The mriswith took a step back toward the window, its beady eyes staying on Richard. It took another step, drawing its black cape over one scaled arm as its gaze swept the room.
Richard dove for his sword. He slid to a stop as the mriswith planted a clawed foot atop the scabbard, holding it to the floor.
“No,” it hissed. “She was going to killssss you.”
“The same as you!”
“No. I protectssss you, skin brother.”
Dumbfounded, Richard stared up at the da
rk shape. The mriswith flung the cape around itself and dove through the window into the night, vanishing as it leapt. Richard lunged toward the window to grab it. His arms caught only air as he landed across the windowsill, hanging halfway out into the night. The mriswith was gone. He could no longer feel its presence in his mind.
In the emptiness left by the departure of the mriswith, Richard’s mind filled with the mental image of Cathryn squirming in a mass of her guts. He vomited out the window.
When his racking heaves finished, and his head stopped spinning, he staggered back to where she lay to kneel beside her. He thanked the spirits that she was dead, and no longer suffered. Even if she had tried to kill him, he couldn’t stand to watch her suffering in the throes of death.
He stared at her face. He couldn’t imagine the feelings he had had for her that he now only dimly remembered. She was just an ordinary woman. But she had been shrouded in magic. It was some sort of spell that had overpowered his reason. He had come to his senses with no time to spare. His gift had broken the spell.
The top half of her slashed nightdress was thrown up around her neck. A cold feeling that gave him goose bumps turned his attention to her breasts. Richard’s eyes narrowed, and he leaned closer, staring. He reached out and touched her right nipple. He touched the left. It wasn’t the same.

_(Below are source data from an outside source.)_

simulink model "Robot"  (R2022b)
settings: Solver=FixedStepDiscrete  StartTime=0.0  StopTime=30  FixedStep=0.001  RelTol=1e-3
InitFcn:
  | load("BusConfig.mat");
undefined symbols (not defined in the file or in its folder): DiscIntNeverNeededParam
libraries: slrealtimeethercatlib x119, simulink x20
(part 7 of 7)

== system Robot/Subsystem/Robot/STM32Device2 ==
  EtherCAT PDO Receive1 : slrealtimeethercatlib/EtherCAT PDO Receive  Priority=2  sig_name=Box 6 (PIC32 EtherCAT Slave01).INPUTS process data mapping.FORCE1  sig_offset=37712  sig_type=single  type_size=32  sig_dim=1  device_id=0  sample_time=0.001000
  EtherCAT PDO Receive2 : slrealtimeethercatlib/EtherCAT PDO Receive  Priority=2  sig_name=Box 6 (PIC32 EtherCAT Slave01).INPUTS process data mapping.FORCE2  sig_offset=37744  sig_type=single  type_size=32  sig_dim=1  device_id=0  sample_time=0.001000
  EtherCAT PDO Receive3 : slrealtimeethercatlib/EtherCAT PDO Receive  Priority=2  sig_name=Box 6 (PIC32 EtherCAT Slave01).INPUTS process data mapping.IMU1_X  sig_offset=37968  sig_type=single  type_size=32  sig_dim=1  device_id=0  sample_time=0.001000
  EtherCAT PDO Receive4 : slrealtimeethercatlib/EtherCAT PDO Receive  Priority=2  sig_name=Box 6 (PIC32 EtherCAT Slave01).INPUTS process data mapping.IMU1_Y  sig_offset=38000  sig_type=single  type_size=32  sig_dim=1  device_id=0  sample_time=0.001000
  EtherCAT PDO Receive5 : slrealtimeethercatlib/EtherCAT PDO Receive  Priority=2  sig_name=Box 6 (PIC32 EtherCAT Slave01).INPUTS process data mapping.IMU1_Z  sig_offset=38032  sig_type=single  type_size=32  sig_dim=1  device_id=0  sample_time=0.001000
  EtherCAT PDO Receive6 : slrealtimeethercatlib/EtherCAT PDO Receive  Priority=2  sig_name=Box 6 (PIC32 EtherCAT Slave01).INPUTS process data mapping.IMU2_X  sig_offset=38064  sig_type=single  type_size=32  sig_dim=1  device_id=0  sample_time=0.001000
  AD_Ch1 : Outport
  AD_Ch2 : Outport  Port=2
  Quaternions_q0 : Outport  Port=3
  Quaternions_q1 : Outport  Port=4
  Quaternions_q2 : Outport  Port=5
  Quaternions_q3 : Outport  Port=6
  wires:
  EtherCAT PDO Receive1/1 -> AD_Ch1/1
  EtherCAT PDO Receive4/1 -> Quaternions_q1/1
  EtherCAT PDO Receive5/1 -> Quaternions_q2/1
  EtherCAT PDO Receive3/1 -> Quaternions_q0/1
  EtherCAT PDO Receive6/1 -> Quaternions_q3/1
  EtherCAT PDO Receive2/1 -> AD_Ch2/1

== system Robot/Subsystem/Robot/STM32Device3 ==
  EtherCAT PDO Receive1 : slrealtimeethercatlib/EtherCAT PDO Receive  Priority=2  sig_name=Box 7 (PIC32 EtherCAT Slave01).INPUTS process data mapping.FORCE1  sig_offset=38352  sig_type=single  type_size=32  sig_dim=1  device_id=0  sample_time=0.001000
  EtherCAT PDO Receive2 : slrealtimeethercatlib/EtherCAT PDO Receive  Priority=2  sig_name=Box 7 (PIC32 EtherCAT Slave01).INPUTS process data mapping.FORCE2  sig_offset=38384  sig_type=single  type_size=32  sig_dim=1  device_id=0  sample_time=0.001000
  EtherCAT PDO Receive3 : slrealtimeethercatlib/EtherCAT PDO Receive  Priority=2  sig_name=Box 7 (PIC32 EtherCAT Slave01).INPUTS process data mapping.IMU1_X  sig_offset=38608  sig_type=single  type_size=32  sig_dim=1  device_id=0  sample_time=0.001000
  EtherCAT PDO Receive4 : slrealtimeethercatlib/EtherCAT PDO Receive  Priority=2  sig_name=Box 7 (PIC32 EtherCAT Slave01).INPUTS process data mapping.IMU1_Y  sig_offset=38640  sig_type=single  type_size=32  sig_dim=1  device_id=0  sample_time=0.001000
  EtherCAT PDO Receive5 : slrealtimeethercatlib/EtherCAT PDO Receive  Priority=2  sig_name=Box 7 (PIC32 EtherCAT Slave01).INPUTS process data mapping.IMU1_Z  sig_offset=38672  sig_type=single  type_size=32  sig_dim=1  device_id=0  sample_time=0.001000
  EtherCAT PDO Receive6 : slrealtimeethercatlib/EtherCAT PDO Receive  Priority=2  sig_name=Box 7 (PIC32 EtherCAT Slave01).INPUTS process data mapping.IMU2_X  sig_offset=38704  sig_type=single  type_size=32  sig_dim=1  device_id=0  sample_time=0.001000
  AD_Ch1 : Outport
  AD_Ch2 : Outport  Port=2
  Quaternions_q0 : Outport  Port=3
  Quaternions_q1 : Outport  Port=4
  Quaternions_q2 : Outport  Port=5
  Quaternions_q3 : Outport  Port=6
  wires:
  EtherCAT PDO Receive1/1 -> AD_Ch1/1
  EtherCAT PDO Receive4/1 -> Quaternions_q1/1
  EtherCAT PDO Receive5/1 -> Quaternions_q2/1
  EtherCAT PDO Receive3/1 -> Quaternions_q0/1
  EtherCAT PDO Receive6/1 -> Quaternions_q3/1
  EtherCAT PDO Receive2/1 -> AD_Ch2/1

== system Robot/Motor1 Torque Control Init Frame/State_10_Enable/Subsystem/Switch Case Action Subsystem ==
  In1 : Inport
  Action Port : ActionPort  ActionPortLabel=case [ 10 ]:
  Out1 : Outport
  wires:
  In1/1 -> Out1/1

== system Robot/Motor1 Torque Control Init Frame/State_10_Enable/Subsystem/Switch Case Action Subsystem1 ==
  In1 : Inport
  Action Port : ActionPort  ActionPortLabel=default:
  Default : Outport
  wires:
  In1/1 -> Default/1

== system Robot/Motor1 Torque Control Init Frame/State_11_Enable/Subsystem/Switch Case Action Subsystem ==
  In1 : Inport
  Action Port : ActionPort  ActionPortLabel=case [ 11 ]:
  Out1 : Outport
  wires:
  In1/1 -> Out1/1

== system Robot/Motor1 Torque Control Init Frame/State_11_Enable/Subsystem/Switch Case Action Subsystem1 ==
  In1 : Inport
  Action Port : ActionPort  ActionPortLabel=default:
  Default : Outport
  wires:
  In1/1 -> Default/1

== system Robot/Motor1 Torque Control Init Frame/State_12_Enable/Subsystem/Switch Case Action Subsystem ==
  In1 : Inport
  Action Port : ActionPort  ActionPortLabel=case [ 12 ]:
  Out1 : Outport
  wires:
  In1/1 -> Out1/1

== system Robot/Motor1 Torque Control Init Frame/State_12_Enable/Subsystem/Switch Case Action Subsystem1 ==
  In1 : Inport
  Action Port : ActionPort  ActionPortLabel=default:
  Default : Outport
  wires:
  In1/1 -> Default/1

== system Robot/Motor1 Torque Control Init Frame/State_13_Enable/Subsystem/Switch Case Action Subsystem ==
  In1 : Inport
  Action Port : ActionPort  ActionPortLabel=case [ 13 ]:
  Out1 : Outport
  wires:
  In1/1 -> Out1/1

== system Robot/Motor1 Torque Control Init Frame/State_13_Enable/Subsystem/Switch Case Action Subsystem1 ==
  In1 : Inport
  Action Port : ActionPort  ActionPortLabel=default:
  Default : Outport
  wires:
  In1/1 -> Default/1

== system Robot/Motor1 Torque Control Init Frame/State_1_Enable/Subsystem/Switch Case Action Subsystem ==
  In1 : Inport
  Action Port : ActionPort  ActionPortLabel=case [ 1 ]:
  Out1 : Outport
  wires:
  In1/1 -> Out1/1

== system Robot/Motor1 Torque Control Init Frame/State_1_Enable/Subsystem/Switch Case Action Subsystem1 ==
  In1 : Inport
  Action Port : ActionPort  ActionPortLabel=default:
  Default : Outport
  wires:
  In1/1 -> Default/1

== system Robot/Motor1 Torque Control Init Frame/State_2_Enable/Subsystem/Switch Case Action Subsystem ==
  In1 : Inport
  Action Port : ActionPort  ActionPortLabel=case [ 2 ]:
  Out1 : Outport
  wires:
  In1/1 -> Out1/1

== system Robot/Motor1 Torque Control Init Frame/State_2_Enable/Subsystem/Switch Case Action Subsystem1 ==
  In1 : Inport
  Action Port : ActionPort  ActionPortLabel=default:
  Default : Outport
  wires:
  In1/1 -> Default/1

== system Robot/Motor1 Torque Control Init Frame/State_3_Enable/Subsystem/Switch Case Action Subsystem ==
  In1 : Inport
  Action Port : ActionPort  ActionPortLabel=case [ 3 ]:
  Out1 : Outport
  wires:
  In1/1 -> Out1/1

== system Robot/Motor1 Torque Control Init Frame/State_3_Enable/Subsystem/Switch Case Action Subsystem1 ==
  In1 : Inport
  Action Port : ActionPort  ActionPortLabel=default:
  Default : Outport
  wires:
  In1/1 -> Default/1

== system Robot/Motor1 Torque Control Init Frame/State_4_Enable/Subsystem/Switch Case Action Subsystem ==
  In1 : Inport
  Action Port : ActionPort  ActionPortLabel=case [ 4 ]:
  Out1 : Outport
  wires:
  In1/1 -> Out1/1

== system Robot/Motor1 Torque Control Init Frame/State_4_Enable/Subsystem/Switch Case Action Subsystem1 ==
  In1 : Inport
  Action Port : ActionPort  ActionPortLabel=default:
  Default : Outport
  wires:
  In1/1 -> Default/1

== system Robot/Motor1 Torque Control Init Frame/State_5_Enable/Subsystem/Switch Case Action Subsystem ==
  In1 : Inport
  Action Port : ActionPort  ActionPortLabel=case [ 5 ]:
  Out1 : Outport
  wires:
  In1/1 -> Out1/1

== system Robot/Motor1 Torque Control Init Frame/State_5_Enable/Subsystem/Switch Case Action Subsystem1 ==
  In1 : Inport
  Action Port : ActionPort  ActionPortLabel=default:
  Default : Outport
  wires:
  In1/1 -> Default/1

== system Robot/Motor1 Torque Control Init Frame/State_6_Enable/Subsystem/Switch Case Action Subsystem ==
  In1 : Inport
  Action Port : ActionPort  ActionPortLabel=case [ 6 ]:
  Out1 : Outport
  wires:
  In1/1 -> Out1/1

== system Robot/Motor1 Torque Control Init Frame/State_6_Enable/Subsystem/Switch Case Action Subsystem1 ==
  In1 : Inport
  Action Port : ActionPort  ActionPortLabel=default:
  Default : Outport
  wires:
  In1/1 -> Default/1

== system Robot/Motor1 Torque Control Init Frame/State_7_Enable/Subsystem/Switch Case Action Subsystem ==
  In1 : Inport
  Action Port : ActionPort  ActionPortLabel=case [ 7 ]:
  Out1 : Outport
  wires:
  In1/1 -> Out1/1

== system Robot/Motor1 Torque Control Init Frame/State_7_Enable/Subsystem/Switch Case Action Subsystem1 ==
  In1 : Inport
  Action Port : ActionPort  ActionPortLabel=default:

He carried a lamp to the fire and lit it with a long splinter of kindling. He returned to the body and held the lamp near her left breast. Richard wet his thumb on his tongue and rubbed the smooth nipple. It came off. With her nightdress, he cleaned the paint from her breast, to leave a smooth, unbroken mound of skin. Cathryn had no left nipple.
The calm center within radiated an aura of comprehension. This was connected to the spell she had over him. He didn’t know how, but it was.
Richard suddenly sat back on his heels. He sat a moment, wide-eyed, and then sprang up, running to the door. He stopped. Why should he be thinking this? He had to be wrong.